*YOUR GOAL:*
Output the lines of the records exactly, from the first through the one containing "#6=PRODUCT_DEFINITION_FORMATION('','',#4);". Omit all pictures.

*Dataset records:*
*** Block opens ***

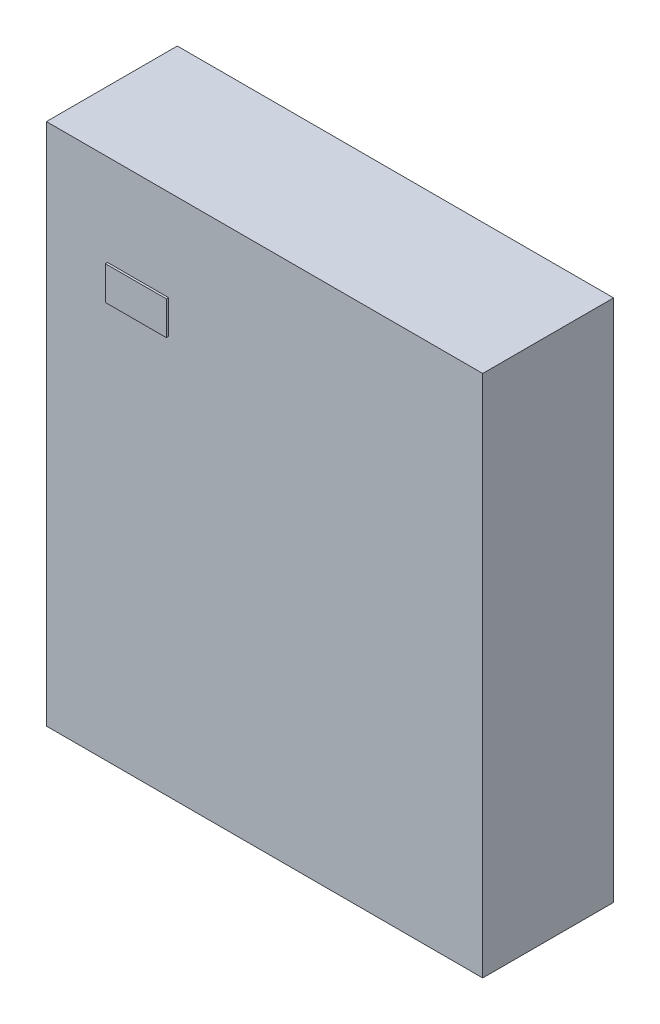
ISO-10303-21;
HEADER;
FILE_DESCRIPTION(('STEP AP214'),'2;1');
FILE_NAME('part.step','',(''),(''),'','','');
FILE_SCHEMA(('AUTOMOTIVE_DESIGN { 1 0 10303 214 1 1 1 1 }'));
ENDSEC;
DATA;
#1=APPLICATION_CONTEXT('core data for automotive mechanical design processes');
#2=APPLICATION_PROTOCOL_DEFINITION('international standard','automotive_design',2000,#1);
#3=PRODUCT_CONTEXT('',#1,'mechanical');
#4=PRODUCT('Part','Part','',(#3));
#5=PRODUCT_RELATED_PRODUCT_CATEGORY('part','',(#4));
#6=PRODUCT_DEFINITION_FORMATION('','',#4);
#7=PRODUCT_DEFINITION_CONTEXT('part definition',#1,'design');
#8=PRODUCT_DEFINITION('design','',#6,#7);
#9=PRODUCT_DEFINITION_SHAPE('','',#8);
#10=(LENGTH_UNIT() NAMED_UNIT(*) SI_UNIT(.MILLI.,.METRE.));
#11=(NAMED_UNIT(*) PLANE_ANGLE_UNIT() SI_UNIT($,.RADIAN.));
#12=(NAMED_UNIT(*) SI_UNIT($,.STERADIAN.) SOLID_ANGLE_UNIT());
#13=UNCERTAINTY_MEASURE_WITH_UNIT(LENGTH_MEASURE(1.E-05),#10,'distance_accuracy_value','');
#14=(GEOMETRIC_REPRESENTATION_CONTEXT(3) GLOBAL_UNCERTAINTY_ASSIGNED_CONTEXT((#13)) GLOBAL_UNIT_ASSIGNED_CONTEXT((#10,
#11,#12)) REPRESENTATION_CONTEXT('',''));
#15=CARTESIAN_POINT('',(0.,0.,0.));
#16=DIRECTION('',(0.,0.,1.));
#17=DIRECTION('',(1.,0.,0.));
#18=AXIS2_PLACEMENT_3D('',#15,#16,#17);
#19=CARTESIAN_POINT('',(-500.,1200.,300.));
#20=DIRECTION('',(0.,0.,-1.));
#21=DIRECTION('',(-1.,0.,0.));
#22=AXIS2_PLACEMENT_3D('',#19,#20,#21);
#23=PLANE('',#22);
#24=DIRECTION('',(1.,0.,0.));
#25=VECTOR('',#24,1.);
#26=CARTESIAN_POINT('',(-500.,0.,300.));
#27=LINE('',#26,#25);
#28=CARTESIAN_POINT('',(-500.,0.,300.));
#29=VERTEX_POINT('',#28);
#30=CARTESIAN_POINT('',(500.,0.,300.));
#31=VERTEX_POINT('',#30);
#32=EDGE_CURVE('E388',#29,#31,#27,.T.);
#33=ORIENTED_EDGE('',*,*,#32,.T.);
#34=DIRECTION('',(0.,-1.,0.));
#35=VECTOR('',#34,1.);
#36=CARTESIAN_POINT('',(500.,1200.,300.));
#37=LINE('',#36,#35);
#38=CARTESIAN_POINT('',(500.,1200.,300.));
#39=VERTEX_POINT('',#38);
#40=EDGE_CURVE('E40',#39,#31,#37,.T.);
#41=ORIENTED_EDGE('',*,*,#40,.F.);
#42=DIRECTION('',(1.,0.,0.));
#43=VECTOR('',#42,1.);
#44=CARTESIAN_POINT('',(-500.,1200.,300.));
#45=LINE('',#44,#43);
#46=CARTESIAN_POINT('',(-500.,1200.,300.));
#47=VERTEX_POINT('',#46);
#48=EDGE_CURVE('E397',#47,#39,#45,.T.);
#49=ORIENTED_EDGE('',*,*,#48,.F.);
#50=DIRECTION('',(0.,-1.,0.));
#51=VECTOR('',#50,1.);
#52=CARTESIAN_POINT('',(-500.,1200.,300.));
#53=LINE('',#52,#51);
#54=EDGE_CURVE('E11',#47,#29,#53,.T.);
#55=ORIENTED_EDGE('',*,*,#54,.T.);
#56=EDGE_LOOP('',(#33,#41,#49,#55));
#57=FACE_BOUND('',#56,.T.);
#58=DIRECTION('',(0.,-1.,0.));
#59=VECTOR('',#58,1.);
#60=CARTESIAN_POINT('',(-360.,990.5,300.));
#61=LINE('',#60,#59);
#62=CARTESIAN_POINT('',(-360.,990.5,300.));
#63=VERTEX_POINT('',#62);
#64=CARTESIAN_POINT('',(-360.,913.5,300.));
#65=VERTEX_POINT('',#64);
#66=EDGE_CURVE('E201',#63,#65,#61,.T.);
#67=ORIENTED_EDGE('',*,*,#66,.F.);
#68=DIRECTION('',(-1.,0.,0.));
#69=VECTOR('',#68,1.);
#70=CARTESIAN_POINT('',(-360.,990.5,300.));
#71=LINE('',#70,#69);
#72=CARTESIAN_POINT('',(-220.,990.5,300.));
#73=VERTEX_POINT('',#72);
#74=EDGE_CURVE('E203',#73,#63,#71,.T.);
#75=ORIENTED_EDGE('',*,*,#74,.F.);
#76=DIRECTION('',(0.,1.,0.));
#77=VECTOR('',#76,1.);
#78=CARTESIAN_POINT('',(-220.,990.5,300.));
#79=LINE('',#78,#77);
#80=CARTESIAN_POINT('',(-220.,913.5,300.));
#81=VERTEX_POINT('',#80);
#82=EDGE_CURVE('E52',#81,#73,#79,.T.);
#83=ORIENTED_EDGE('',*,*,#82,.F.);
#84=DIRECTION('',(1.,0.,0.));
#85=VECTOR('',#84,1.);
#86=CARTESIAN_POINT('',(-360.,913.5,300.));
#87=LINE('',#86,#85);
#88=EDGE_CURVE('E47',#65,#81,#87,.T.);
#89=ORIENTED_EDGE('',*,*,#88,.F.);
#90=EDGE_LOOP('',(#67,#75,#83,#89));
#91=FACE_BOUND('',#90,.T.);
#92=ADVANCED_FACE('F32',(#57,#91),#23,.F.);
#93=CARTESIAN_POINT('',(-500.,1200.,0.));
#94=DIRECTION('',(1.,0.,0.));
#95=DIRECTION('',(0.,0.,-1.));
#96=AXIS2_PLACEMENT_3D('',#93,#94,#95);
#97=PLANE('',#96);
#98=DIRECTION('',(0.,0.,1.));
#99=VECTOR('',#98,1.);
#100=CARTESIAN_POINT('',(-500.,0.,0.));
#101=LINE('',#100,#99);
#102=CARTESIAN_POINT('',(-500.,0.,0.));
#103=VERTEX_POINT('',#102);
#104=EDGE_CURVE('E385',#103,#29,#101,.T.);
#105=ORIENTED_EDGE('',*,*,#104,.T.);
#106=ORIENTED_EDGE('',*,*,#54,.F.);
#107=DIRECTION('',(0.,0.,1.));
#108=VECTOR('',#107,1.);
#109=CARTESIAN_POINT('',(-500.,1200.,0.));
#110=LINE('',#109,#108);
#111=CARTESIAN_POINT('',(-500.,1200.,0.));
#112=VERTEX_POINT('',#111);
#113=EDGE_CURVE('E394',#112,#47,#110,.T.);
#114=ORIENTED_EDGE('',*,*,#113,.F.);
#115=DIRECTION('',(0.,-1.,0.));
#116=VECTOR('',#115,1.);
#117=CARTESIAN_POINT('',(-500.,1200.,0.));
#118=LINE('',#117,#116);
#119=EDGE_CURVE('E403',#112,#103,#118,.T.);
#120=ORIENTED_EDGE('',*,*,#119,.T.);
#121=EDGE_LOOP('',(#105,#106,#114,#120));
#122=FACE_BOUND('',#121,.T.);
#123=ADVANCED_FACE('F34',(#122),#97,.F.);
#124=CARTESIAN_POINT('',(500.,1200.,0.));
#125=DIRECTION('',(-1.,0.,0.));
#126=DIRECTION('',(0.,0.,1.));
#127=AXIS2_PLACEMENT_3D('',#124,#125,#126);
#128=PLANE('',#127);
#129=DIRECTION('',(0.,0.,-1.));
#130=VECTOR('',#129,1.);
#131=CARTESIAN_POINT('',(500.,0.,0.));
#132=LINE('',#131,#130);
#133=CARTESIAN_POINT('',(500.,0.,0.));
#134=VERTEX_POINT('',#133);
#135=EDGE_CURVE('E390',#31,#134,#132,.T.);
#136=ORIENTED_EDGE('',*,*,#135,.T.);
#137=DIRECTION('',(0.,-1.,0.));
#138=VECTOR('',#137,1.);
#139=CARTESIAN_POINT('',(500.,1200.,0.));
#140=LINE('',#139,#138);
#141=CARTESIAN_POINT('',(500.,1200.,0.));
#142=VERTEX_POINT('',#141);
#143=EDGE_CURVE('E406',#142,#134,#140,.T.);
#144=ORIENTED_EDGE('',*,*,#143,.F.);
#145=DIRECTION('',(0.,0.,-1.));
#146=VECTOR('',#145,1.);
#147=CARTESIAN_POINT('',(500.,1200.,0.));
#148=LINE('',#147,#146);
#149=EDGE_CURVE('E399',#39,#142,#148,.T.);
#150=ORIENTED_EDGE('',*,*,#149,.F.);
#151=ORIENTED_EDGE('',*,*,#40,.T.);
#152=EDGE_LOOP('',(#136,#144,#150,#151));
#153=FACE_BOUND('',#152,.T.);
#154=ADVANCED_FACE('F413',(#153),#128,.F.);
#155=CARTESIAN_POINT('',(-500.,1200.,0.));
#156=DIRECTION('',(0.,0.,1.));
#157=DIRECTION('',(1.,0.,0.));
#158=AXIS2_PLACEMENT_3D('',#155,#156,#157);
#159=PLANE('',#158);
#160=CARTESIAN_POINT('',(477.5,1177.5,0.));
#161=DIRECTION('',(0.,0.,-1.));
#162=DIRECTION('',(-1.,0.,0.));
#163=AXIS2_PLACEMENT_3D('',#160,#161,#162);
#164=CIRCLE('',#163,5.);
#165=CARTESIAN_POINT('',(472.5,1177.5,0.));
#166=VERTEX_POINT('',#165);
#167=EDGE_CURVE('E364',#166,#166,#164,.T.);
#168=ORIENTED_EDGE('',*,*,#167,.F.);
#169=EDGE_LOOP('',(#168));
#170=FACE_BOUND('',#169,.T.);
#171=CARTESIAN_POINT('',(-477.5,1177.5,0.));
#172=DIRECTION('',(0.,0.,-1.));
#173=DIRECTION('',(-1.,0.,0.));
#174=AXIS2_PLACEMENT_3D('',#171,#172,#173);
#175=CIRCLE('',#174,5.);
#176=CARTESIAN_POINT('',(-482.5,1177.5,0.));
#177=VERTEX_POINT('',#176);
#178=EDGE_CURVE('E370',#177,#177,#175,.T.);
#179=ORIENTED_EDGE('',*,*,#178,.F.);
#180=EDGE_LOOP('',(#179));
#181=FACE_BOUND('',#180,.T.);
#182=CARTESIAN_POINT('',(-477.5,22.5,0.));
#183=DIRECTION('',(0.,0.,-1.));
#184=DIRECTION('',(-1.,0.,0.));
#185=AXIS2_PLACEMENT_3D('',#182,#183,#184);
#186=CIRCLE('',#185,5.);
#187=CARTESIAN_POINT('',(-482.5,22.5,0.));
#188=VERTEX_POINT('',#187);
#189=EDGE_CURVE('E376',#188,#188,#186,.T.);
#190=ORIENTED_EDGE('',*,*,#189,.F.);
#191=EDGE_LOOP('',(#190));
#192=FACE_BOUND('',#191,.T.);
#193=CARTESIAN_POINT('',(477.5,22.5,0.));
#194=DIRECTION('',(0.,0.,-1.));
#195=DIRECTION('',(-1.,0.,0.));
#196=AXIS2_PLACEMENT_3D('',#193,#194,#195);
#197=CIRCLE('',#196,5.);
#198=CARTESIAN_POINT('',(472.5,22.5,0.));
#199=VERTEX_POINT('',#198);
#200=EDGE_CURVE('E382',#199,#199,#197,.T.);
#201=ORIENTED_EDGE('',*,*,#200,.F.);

*** Block closes ***

*TASK ANSWER:*
ISO-10303-21;
HEADER;
FILE_DESCRIPTION(('STEP AP214'),'2;1');
FILE_NAME('part.step','',(''),(''),'','','');
FILE_SCHEMA(('AUTOMOTIVE_DESIGN { 1 0 10303 214 1 1 1 1 }'));
ENDSEC;
DATA;
#1=APPLICATION_CONTEXT('core data for automotive mechanical design processes');
#2=APPLICATION_PROTOCOL_DEFINITION('international standard','automotive_design',2000,#1);
#3=PRODUCT_CONTEXT('',#1,'mechanical');
#4=PRODUCT('Part','Part','',(#3));
#5=PRODUCT_RELATED_PRODUCT_CATEGORY('part','',(#4));
#6=PRODUCT_DEFINITION_FORMATION('','',#4);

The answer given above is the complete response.